WHAT IS EXPECTED
Copy out the entries word for word, leaving images aside.

** Opening DATA EXCERPTS block **

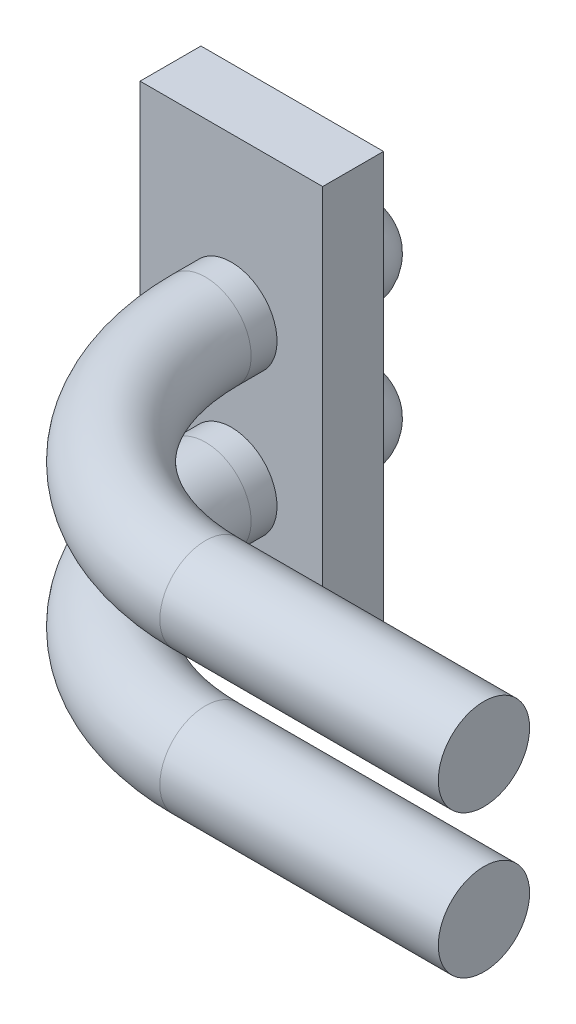
from build123d import *

# Parameters (mm, degrees)
SKETCH1_W           = 6
SKETCH1_H           = 15
BOSS_EXTRUDE1_DEPTH = 2
SKETCH2_R           = 1.5
BOSS_EXTRUDE2_DEPTH = 3
FILLET1_R           = 1.5
SKETCH3_R           = 1.5


with BuildPart() as part:
    # Sketch1 → Boss-Extrude1 (new body)
    with BuildSketch(Plane.XY):
        Rectangle(SKETCH1_W, SKETCH1_H)
    extrude(amount=BOSS_EXTRUDE1_DEPTH)

    # Sketch2 → Boss-Extrude2 (add)
    with BuildSketch(Plane(origin=(0, 0, 0), x_dir=(-1, 0, 0), z_dir=(0, 0, -1))):
        with Locations((0, 2.35)):
            Circle(SKETCH2_R)
        with Locations((0, -2.35)):
            Circle(SKETCH2_R)
    extrude(amount=BOSS_EXTRUDE2_DEPTH)

    # Fillet1
    fillet1_edges = [part.edges().sort_by_distance(p)[0] for p in [
        (1.5, 2.35, -3),
        (1.5, -2.35, -3),
    ]]
    fillet(fillet1_edges, radius=FILLET1_R)

    # Sweep1: sweep along a path in Sketch4
    with BuildLine(Plane(origin=(0, 2.35, 0), x_dir=(-1, 0, 0), z_dir=(0, 1, 0))) as sweep1_path:
        Line((0, 2), (0, 2.85))
        ThreePointArc((0, 2.85), (-2.196699141, 8.153300859), (-7.5, 10.35))
        Line((-7.5, 10.35), (-16.65, 10.35))
    # Sketch3 → Sweep1 (sweep)
    with BuildSketch(Plane.XY.offset(2)):
        with Locations((0, -2.35)):
            Circle(SKETCH3_R)
        with Locations((0, 2.35)):
            Circle(SKETCH3_R)
    sweep(path=sweep1_path.line)


solid = part.part

** Closing DATA EXCERPTS block **

ANSWER AREA
from build123d import *

# Parameters (mm, degrees)
SKETCH1_W           = 6
SKETCH1_H           = 15
BOSS_EXTRUDE1_DEPTH = 2
SKETCH2_R           = 1.5
BOSS_EXTRUDE2_DEPTH = 3
FILLET1_R           = 1.5
SKETCH3_R           = 1.5


with BuildPart() as part:
    # Sketch1 → Boss-Extrude1 (new body)
    with BuildSketch(Plane.XY):
        Rectangle(SKETCH1_W, SKETCH1_H)
    extrude(amount=BOSS_EXTRUDE1_DEPTH)

    # Sketch2 → Boss-Extrude2 (add)
    with BuildSketch(Plane(origin=(0, 0, 0), x_dir=(-1, 0, 0), z_dir=(0, 0, -1))):
        with Locations((0, 2.35)):
            Circle(SKETCH2_R)
        with Locations((0, -2.35)):
            Circle(SKETCH2_R)
    extrude(amount=BOSS_EXTRUDE2_DEPTH)

    # Fillet1
    fillet1_edges = [part.edges().sort_by_distance(p)[0] for p in [
        (1.5, 2.35, -3),
        (1.5, -2.35, -3),
    ]]
    fillet(fillet1_edges, radius=FILLET1_R)

    # Sweep1: sweep along a path in Sketch4
    with BuildLine(Plane(origin=(0, 2.35, 0), x_dir=(-1, 0, 0), z_dir=(0, 1, 0))) as sweep1_path:
        Line((0, 2), (0, 2.85))
        ThreePointArc((0, 2.85), (-2.196699141, 8.153300859), (-7.5, 10.35))
        Line((-7.5, 10.35), (-16.65, 10.35))
    # Sketch3 → Sweep1 (sweep)
    with BuildSketch(Plane.XY.offset(2)):
        with Locations((0, -2.35)):
            Circle(SKETCH3_R)
        with Locations((0, 2.35)):
            Circle(SKETCH3_R)
    sweep(path=sweep1_path.line)


solid = part.part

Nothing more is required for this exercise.